Jour 6/31Publié le 19 juin 2026
De la faiblesse à la lumière
La grâce, l'orgueil et la vocation purifiée
Par A. R. Keba Keba
Passage biblique
"Dieu résiste aux orgueilleux, mais il fait grâce aux humbles."
(Jacques 4, 6)
"Ce ne sont pas les bien-portants qui ont besoin de médecin, mais les malades."
(Marc 2, 17)
Texte d'enseignement
Sur le plan spirituel, que se joue-t-il quand une faiblesse devient lumière ?

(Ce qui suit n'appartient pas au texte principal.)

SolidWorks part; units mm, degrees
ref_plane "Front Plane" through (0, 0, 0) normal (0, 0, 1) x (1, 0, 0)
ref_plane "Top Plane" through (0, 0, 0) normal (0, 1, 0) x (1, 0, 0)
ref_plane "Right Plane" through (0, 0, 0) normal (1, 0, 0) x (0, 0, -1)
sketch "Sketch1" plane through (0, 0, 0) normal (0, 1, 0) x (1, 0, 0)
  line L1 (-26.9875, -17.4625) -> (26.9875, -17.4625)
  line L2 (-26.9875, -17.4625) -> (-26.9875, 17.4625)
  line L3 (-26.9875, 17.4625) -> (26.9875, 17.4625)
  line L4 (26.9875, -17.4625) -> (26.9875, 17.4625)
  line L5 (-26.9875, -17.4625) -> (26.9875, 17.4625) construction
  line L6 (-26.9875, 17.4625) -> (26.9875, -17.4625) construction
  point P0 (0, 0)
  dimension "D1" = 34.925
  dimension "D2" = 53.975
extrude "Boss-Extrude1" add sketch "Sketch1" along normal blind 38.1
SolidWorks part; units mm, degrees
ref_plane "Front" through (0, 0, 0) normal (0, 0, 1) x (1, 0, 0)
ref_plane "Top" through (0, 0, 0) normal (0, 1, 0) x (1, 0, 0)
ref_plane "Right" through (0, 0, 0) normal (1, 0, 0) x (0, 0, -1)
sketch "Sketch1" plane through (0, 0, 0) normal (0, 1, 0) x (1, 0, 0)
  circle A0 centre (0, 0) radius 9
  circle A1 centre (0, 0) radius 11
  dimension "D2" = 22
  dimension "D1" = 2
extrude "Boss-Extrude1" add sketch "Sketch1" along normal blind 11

Trois choses, essentiellement.
La révélation de la grâce. Tant que je réussis, je peux croire que je me
sauve moi-même. L'échec est le grand démystificateur : il me découvre
mendiant. Or l'Évangile est précisément la bonne nouvelle pour les mendiants.
La chute peut donc devenir, paradoxalement, la première vraie rencontre avec
la grâce : « Celui à qui on pardonne peu aime peu ». Celui qui n'a jamais
besoin de rien ne découvre jamais que tout est don. La faiblesse est la porte
par où la grâce entre en premier.
La mort de l'orgueil. L'orgueil est la racine de tout péché et le grand
obstacle à Dieu. La faiblesse assumée est le tombeau de l'orgueil, et donc
le berceau possible de l'humilité, qui est la terre où Dieu sème. L'orgueil
veut construire sa propre tour. L'humilité accepte d'être bâti. L'orgueil
dit : « Je peux. » L'humilité dit : « Tu peux en moi. » Entre les deux, il
y a toute la distance du ciel à la terre.
La purification de la vocation. Beaucoup d'appels de Dieu passent par un
échec préalable qui purifie les motivations. Moïse à quarante ans veut
libérer Israël par le meurtre : échec, fuite, quarante ans de désert. Moïse
à quatre-vingts ans ne veut plus rien : c'est alors que Dieu l'appelle.
L'échec n'a pas annulé la vocation ; il l'a décapée de la volonté de
puissance. De même Pierre : seul le reniement pouvait guérir sa présomption
(« quand tous t'abandonneraient, moi jamais ! ») et faire de lui un pasteur
capable de compassion. La vocation purifiée par l'échec est une vocation
sans illusion sur soi-même.
Application pour aujourd'hui
Examinez une vocation, un appel, un projet qui vous tient à cœur. Demandez-vous
franchement : quelle part de moi-même est dans ce projet ? La gloire ? La
reconnaissance ? La preuve que je vaux quelque chose ? Puis demandez-vous :
qu'est-ce que l'échec a purifié ou pourrait purifier dans cette motivation ?
Écrivez une prière où vous remettez ce projet à Dieu, non pas pour qu'il
réussisse à vos yeux, mais pour qu'il réussisse à ses yeux. L'essentiel n'est
pas que vous réussissiez : c'est que Dieu soit glorifié, même dans votre échec.
Prière
Seigneur, je voudrais être humble, mais je ne sais pas comment. Chaque fois
que je crois l'être, je découvre que c'était encore de l'orgueil déguisé.
Alors prends mes échecs, prends mes chutes, prends mes impuissances, et
fais-en le tombeau de mon orgueil. Je ne te demande pas de me rendre fort
pour que je te serve. Je te demande de me rendre petit pour que tu
puisses me porter. Purifie ma vocation de tout ce qui vient de moi, et
remplis-la de tout ce qui vient de toi. Amen.